**What you should do:**
Looking only at the lines below that contain "Inport", give the number of them and no other text.
BEGIN Given information
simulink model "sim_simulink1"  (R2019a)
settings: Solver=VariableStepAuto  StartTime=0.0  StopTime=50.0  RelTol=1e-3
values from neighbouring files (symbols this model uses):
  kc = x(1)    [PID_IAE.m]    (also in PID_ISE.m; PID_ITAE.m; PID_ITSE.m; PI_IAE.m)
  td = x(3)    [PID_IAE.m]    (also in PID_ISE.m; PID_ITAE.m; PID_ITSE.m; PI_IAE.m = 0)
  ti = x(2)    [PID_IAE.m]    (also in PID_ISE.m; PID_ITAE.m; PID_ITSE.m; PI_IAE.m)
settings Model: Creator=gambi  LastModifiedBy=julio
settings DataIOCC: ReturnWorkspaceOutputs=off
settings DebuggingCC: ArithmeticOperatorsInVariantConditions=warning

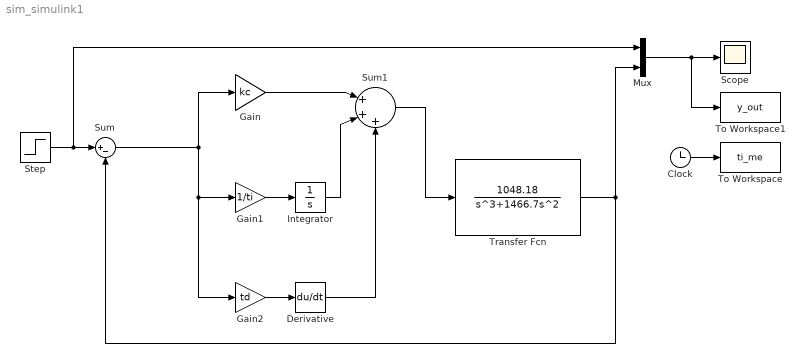
== system sim_simulink1 ==
  Clock : Clock
      settings: Decimation=30
  Derivative : Derivative
  Gain : Gain  Gain=kc
  Gain1 : Gain  Gain=1/ti
  Gain2 : Gain  Gain=td
  Integrator : Integrator
  Mux : Mux  Inputs=2
  Scope : Scope
  Step : Step  Time=0  SampleTime=0
  Sum : Sum  Inputs=|+-
  Sum1 : Sum  Inputs=|+++
  To Workspace : ToWorkspace  VariableName=ti_me  SampleTime=-1
  To Workspace1 : ToWorkspace  VariableName=y_out  SampleTime=-1
  Transfer Fcn : TransferFcn  Numerator=[1048.18]  Denominator=[1 1466.7 0 0]
  wires:
  Step/1 -> Mux/1, Sum/1
  Gain1/1 -> Integrator/1
  Gain2/1 -> Derivative/1
  Integrator/1 -> Sum1/2
  Derivative/1 -> Sum1/3
  Transfer Fcn/1 -> Sum/2, Mux/2
  Mux/1 -> To Workspace1/1, Scope/1
  Clock/1 -> To Workspace/1
  Sum1/1 -> Transfer Fcn/1
  Gain/1 -> Sum1/1
  Sum/1 -> Gain2/1, Gain1/1, Gain/1
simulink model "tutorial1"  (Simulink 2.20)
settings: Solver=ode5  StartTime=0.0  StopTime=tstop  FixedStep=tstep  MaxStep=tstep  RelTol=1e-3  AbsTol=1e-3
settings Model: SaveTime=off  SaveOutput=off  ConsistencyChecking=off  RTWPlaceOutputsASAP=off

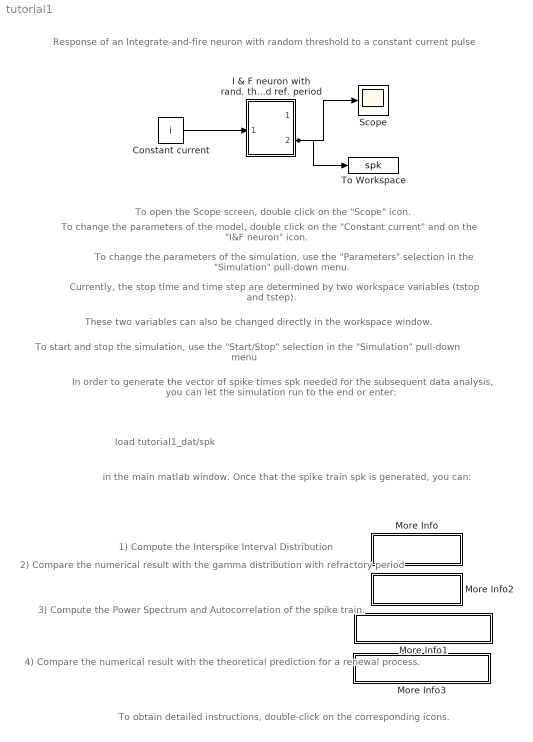
== system tutorial1 ==
  note: Response of an Integrate-and-fire neuron with
      | random threshold to a constant current pulse
  note: To start and stop the simulation, use the "Start/Stop"
      | selection in the "Simulation" pull-down menu
  note: To open the Scope screen, double click on the "Scope" icon.
  note: To change the parameters of the model, double click on the
      | "Constant current" and on the  "I&F neuron" icon.
  note: To change the parameters of the simulation, use the "Parameters"
      | selection in the "Simulation" pull-down menu.
  note: Currently, the stop time and time step are determined by two
      | workspace variables (tstop and tstep).
  note: These two variables can also be changed directly in the
      | workspace window.
  note: In order to generate the vector of spike times spk needed for the
      | subsequent data analysis, you can let the simulation run to the end
      | or enter:
  note: To obtain detailed instructions, double-click on the corresponding
      | icons.
  note: 1) Compute the Interspike Interval Distribution
  note: 2) Compare the numerical result with the
      | gamma distribution with refractory period
  note: 3) Compute the Power Spectrum and
      |  Autocorrelation of the spike train.
  note: 4) Compare the numerical result with the
      | theoretical prediction for a renewal process.
  note: load tutorial1_dat/spk
  note: in the main matlab window. Once that the spike train spk is generated,
      | you can:
  Constant current : Constant  Value=i  mask(constant current){@1=0.6}
      mask prompts: @1 "constant current value [nA]"
      mask help: Parameter
      mask init:
      | i = @1;
      mask Help: Provides a constant input current
  I & F neuron with rand. thres. and ref. period : Subsystem  mask(I&F g. thres., ref. per.){@1=tstep, @2=10, @3=5, @4=0.5, @5=5}
      mask prompts: @1 "time step [msec]"; @2 "mean threshold [mV]"; @3 "gamma distr. order"; @4 "Capacitance [nF]"; @5 "refractory period [msec]"
      mask help: Parameters
      mask init:
      | dt = @1; thres = @2; n = @3; C = @4; ref = @5; if (ref<dt) disp(' '); disp('Warning: refractory period cannot be smaller than time step.'); disp(' '); end;
      mask Help: For a detailled description of the model, please type 'help giandfr' in the main matlab window
      mask Display: disp('Vm \n\n spikes')
  More Info : Subsystem
      mask Display: disp('Numerical ISI')
  More Info1 : Subsystem
      mask Display: disp('Numerical PS and AC')
  More Info2 : Subsystem
      mask Display: disp('Theoretical ISI')
  More Info3 : Subsystem
      mask Display: disp('Theoretical PS and AC')
  Scope : Scope
      settings: TickLabels=on  TimeRange=500.000000  YMin=-2.000000  YMax=2.000000  SaveToWorkspace=off  SaveName=ScopeData
  To Workspace : ToWorkspace  VariableName=spk  SampleTime=0
      settings: Buffer=ceil(tstop/tstep)
  wires:
  Constant current/1 -> I & F neuron with rand. thres. and ref. period/1(in_1)
  I & F neuron with rand. thres. and ref. period/2(out_1) -> Scope/1, To Workspace/1

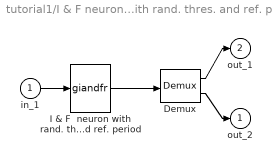
== system tutorial1/I & F neuron with rand. thres. and ref. period ==
  in_1 : Inport  Port=1  PortWidth=-1  SampleTime=-1
  Demux : Demux  Outputs=2
  I & F  neuron with rand. thres. and ref. period : S-Function  FunctionName=giandfr  Parameters=dt,thres,n,C,ref  PortCounts=[]  SFunctionModules=''
  out_2 : Outport  Port=1  InitialOutput=0
  out_1 : Outport  Port=2  InitialOutput=0
  wires:
  in_1/1 -> I & F  neuron with rand. thres. and ref. period/1
  Demux/2 -> out_2/1
  Demux/1 -> out_1/1
  I & F  neuron with rand. thres. and ref. period/1 -> Demux/1

== system tutorial1/More Info ==
  note: To compute the ISI distribution
      | corresponding to the spike train, enter
  note: isidist(spk,2,100,tstep).
  note: in the workspace window.
  note: The parameters are:
  note: spk = spike train generated by the simulation of the model.
  note: 2 = bin size in msec
  note: 100 = maximal isi in msec
  note: tstep = time step for the simulation

== system tutorial1/More Info1 ==
  note: To compute the power spectrum and
      | the autocorrelation of the spike train, enter
  note: psautospk(spk,tstep).
  note: tstep = time step for the simulation
  note: spk = spike train generated by the simulation of the model.
  note: The parameters are:

== system tutorial1/More Info2 ==
  note: tstep = time step for the simulation
  note: 100 = maximal isi in msec
  note: 2 = bin size in msec
  note: 5 = refractory period (msec)
  note: 0.6 = constant injected current (nA)
  note: 5 = order of the gamma distribution determining the
      |       noise in the threshold.
  note: 10 = mean spike threshold (mV)
  note: 0.5 = Capacity of the model cell (nF)
  note: The parameters are:
  note: To compare the theoretical ISI distribution  with the
      | previously obtained numerical ISI distribution, enter
  note: gfitheor(0.5,10,5,0.6,5,2,100,tstep).
  note: hold on
  note: in the workspace window.

== system tutorial1/More Info3 ==
  note: To compare the theoretical power spectrum and autocorrelation
      | function with the previously obtained numerical power spectrum
      | and autocorrelation function, enter
  note: hold on
  note: 1024 = number of bins between 0 and the Nyquist frequency
  note: tstep = time step for the simulation
  note: 5 = order of the gamma distribution determining the
      |       noise in the threshold.
  note: 5 = refractory period (msec)
  note: 0.6 = constant injected current (nA)
  note: 10 = mean spike threshold (mV)
  note: 0.5 = Capacity of the model cell (nF)
  note: The parameters are:
  note: in the workspace window.
  note: gpstheor(0.5,10,0.6,5,5,tstep,1024)
  note: hold on
  note: subplot(2,1,1)
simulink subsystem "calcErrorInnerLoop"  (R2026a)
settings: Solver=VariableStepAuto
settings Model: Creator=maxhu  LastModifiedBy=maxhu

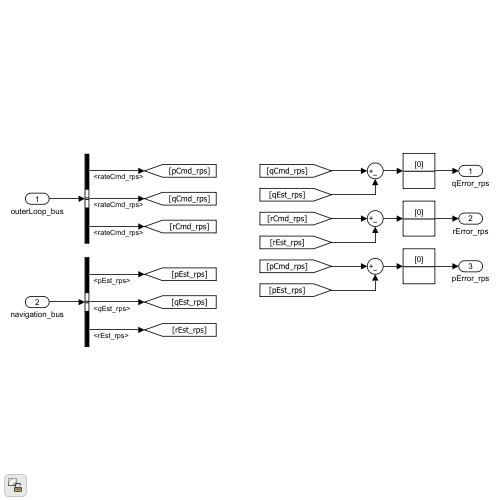
[thumbnail: Simulink's stored preview of the top-level diagram]
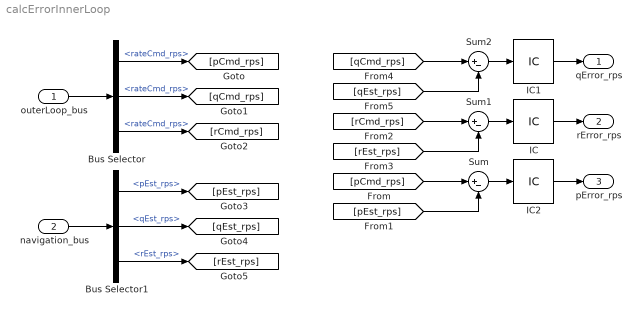
== system calcErrorInnerLoop ==
  outerLoop_bus : Inport
  navigation_bus : Inport  Port=2
  Bus Selector : BusSelector  OutputSignals=rollOuterLoop_bus.rateCmd_rps,pitchOuterLoop_bus.rateCmd_rps,yawOuterLoop_bus.rateCmd_rps
  Bus Selector1 : BusSelector  OutputSignals=pEst_rps,qEst_rps,rEst_rps
  IC : InitialCondition  Value=0
  IC1 : InitialCondition  Value=0
  IC2 : InitialCondition  Value=0
  Sum : Sum  Inputs=|+-
  Sum1 : Sum  Inputs=|+-
  Sum2 : Sum  Inputs=|+-
  qError_rps : Outport
  rError_rps : Outport  Port=2
  pError_rps : Outport  Port=3
  wires:
  Bus Selector1/1 -> [pEst_rps]  "<pEst_rps>"
  Bus Selector1/2 -> [qEst_rps]  "<qEst_rps>"
  Bus Selector1/3 -> [rEst_rps]  "<rEst_rps>"
  navigation_bus/1 -> Bus Selector1/1
  [qCmd_rps] -> Sum2/1
  [qEst_rps] -> Sum2/2
  [pCmd_rps] -> Sum/1
  Sum2/1 -> IC1/1
  Sum1/1 -> IC/1
  [pEst_rps] -> Sum/2
  Bus Selector/1 -> [pCmd_rps]  "<rateCmd_rps>"
  [rEst_rps] -> Sum1/2
  [rCmd_rps] -> Sum1/1
  outerLoop_bus/1 -> Bus Selector/1
  Sum/1 -> IC2/1
  Bus Selector/2 -> [qCmd_rps]  "<rateCmd_rps>"
  IC1/1 -> qError_rps/1
  IC/1 -> rError_rps/1
  IC2/1 -> pError_rps/1
  Bus Selector/3 -> [rCmd_rps]  "<rateCmd_rps>"
END Given information
**Answer space:**
3